Give the number of lines in these entries that contain the string "linetype", with no further comment.

[Data entries]
────────

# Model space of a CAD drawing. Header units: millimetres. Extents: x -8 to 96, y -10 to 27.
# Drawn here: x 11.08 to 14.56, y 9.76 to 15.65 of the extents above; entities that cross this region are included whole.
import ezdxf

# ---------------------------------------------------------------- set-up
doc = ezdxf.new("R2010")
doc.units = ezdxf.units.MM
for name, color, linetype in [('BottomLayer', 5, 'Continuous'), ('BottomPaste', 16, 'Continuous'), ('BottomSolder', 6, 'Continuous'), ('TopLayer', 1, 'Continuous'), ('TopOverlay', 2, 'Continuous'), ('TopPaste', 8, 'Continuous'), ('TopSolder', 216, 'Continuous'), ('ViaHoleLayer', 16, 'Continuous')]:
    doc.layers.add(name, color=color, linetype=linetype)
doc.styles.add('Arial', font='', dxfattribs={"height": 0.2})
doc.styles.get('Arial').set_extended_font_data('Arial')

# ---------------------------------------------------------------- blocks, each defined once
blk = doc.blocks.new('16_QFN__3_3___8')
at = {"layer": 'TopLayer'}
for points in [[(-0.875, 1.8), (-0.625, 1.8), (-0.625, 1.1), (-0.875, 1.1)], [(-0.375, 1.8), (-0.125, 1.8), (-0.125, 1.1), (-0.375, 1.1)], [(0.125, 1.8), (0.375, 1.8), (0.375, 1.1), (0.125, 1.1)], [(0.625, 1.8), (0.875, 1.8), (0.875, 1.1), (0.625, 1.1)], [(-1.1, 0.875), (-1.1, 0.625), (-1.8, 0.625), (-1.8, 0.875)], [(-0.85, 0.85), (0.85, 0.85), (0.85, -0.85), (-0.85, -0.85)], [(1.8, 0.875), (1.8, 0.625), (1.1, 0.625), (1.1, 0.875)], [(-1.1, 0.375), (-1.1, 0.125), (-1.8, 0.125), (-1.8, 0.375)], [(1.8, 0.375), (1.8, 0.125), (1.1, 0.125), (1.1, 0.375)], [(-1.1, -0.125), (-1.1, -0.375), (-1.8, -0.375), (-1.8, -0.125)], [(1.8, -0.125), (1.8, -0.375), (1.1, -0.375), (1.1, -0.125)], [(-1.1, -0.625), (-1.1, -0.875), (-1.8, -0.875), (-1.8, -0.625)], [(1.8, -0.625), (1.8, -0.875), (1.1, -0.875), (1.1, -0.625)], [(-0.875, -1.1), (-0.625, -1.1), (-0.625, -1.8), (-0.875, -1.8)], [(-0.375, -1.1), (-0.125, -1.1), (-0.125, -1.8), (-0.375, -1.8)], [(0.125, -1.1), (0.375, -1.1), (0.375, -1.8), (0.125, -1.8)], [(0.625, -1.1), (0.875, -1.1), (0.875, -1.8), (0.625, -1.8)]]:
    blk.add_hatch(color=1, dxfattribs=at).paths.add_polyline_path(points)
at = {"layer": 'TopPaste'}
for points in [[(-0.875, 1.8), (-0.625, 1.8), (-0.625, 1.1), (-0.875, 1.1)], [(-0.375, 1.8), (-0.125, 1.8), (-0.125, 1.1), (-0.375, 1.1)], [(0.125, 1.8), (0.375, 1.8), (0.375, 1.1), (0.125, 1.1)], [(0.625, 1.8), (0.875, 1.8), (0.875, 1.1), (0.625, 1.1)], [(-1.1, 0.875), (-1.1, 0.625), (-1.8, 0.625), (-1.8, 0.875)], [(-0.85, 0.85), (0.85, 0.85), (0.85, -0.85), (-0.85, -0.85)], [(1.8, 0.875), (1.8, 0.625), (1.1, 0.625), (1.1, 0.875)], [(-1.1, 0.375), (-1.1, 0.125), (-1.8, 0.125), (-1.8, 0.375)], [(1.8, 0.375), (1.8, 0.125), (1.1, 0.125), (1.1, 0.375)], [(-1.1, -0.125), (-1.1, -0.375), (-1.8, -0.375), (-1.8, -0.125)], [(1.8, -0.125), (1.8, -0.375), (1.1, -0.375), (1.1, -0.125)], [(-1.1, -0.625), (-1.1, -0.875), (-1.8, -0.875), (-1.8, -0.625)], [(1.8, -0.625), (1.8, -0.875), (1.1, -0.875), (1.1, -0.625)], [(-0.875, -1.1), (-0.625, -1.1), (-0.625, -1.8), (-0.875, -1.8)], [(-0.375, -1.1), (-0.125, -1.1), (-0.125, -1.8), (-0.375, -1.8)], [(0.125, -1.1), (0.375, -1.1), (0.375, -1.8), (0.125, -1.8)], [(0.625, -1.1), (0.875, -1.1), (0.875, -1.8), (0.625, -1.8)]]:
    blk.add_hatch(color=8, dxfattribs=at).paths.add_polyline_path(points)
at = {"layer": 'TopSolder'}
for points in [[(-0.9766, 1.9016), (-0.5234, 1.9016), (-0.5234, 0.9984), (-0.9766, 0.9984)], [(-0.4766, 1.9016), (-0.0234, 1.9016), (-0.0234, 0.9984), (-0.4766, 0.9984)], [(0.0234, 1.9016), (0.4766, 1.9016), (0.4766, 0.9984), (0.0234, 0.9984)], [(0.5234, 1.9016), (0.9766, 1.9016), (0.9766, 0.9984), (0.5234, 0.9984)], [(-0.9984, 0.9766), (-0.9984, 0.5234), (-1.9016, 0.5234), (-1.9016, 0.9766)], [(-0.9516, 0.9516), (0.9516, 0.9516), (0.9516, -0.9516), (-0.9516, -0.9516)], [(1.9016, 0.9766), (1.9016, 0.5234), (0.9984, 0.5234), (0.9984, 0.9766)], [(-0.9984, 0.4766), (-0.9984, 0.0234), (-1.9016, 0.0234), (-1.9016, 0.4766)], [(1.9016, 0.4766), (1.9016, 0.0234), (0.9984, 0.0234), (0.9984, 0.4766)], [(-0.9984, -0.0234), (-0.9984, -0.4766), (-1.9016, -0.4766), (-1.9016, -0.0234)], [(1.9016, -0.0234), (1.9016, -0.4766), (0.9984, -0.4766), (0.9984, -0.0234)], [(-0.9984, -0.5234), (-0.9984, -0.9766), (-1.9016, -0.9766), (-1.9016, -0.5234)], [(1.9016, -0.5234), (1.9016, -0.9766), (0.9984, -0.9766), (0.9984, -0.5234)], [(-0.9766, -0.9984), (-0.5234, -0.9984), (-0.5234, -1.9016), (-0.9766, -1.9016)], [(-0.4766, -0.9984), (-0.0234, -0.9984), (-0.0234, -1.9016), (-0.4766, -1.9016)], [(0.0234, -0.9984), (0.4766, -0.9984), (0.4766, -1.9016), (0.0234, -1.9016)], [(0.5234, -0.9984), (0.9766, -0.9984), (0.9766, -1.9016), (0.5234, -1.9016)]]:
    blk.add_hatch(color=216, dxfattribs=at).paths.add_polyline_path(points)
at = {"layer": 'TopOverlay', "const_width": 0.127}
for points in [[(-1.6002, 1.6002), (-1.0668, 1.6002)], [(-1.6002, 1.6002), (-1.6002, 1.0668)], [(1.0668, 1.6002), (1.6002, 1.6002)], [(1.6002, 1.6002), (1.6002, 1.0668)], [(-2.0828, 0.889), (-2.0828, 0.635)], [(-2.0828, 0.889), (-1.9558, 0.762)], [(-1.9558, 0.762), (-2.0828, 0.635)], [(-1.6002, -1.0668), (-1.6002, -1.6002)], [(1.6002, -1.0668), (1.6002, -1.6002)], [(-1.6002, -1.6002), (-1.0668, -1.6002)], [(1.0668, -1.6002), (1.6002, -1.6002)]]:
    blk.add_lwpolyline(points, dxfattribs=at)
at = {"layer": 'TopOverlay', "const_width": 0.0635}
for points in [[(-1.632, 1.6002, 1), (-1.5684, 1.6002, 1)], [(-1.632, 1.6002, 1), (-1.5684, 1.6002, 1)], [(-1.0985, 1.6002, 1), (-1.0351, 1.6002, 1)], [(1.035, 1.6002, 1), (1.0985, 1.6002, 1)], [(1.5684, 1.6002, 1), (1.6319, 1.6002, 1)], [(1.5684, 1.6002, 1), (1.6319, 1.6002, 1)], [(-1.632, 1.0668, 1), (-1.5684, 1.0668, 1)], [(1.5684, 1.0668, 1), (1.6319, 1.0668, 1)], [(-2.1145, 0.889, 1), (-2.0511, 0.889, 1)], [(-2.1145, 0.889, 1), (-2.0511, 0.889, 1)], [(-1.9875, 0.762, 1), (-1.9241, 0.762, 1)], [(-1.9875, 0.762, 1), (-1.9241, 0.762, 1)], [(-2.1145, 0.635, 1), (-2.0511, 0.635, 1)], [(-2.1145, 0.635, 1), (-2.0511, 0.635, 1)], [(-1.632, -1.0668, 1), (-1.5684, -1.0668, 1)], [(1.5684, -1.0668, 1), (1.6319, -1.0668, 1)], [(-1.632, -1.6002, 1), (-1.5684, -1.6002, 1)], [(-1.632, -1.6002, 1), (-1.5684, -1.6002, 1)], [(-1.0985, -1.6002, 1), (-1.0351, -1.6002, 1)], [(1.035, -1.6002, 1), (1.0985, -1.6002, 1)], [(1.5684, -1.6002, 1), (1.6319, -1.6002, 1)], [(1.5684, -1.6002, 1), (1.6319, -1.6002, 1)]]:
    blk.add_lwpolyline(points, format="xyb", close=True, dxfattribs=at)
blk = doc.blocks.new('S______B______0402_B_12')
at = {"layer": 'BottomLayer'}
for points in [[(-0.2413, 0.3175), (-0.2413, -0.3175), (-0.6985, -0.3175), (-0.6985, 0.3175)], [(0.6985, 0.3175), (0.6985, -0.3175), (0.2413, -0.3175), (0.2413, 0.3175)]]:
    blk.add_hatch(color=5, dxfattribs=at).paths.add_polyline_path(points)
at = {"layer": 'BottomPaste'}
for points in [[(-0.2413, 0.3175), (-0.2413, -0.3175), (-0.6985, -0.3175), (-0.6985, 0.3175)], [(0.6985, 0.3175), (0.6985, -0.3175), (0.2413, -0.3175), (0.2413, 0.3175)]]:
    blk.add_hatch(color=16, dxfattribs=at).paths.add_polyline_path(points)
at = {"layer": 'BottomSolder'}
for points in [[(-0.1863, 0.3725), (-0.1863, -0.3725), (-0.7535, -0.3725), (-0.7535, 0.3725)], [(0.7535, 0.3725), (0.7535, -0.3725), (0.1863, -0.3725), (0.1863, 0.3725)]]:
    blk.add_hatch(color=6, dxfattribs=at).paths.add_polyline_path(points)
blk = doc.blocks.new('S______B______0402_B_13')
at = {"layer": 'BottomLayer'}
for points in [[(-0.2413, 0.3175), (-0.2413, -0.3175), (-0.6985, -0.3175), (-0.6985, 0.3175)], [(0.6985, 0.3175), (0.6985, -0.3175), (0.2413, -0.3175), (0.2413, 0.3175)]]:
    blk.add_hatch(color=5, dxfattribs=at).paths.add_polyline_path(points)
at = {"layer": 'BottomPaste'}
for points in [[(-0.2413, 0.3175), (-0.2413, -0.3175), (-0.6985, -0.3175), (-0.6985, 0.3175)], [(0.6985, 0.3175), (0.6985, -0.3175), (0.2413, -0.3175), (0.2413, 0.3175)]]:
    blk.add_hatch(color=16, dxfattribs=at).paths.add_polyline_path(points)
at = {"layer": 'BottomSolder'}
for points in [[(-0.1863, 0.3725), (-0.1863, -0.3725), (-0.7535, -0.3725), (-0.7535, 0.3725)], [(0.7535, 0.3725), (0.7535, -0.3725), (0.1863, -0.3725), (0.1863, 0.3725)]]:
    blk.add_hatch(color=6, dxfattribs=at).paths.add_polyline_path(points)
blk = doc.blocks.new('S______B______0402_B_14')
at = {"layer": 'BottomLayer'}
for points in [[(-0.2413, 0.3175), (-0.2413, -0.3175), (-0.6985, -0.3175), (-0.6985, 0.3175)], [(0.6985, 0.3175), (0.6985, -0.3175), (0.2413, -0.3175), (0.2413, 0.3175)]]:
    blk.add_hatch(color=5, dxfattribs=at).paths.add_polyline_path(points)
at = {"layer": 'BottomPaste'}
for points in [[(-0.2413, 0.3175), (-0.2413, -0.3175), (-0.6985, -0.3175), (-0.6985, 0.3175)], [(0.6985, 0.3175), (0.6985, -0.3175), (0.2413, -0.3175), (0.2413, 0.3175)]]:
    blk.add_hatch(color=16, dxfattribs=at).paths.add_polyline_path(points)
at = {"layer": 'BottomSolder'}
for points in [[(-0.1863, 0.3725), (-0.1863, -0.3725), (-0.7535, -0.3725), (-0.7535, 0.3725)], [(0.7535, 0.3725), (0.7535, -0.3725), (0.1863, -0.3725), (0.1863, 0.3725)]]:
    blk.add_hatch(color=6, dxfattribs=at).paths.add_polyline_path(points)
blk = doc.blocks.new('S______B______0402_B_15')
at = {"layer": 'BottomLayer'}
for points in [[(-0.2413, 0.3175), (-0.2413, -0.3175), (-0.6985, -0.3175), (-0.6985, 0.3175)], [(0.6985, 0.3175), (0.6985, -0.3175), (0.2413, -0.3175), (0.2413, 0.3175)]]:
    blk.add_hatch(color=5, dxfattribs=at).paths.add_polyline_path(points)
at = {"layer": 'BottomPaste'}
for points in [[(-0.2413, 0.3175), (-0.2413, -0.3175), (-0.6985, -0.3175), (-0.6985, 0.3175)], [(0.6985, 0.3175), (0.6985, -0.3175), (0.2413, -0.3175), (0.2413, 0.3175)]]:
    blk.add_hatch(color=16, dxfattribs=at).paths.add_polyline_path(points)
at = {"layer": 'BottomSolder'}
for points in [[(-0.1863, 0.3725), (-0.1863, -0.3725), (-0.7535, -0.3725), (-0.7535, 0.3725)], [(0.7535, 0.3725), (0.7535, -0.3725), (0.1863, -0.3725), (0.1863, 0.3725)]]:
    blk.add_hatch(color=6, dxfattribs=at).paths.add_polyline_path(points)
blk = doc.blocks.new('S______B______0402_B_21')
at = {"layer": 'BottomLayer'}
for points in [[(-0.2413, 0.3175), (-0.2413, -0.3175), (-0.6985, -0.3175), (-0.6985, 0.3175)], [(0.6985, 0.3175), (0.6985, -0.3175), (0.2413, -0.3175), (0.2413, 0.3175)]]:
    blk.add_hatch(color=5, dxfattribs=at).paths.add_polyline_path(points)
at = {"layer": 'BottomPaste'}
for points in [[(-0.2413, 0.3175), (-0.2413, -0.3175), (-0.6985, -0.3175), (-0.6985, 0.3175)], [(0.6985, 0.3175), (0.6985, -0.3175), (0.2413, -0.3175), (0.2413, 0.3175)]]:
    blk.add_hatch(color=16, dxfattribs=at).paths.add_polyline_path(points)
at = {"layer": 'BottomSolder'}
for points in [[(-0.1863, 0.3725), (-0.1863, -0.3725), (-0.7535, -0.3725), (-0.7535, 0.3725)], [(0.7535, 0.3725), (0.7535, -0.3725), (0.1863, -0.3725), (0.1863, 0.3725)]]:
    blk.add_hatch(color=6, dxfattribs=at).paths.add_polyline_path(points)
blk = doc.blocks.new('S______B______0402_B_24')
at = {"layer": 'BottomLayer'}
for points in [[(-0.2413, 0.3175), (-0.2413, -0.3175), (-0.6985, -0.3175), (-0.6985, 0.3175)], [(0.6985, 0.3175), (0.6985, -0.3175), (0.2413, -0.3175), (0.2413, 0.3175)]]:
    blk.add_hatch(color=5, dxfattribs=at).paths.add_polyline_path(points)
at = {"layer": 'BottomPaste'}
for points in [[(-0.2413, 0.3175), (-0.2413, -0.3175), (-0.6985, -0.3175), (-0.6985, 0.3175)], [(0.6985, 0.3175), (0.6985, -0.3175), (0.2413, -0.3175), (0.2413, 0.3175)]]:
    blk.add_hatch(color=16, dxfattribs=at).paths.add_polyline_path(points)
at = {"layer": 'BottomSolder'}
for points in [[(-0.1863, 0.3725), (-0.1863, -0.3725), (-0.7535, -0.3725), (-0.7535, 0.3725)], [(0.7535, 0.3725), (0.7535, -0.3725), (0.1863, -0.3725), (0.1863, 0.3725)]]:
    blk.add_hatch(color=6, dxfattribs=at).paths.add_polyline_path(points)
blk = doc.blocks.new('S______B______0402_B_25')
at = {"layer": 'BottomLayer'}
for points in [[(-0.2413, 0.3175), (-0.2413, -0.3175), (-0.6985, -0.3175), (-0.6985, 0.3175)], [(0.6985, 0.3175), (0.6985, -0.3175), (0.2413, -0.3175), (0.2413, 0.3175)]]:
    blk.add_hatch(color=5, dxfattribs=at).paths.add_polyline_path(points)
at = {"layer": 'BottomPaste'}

────────

## SOLUTION TO THIS PROBLEM
2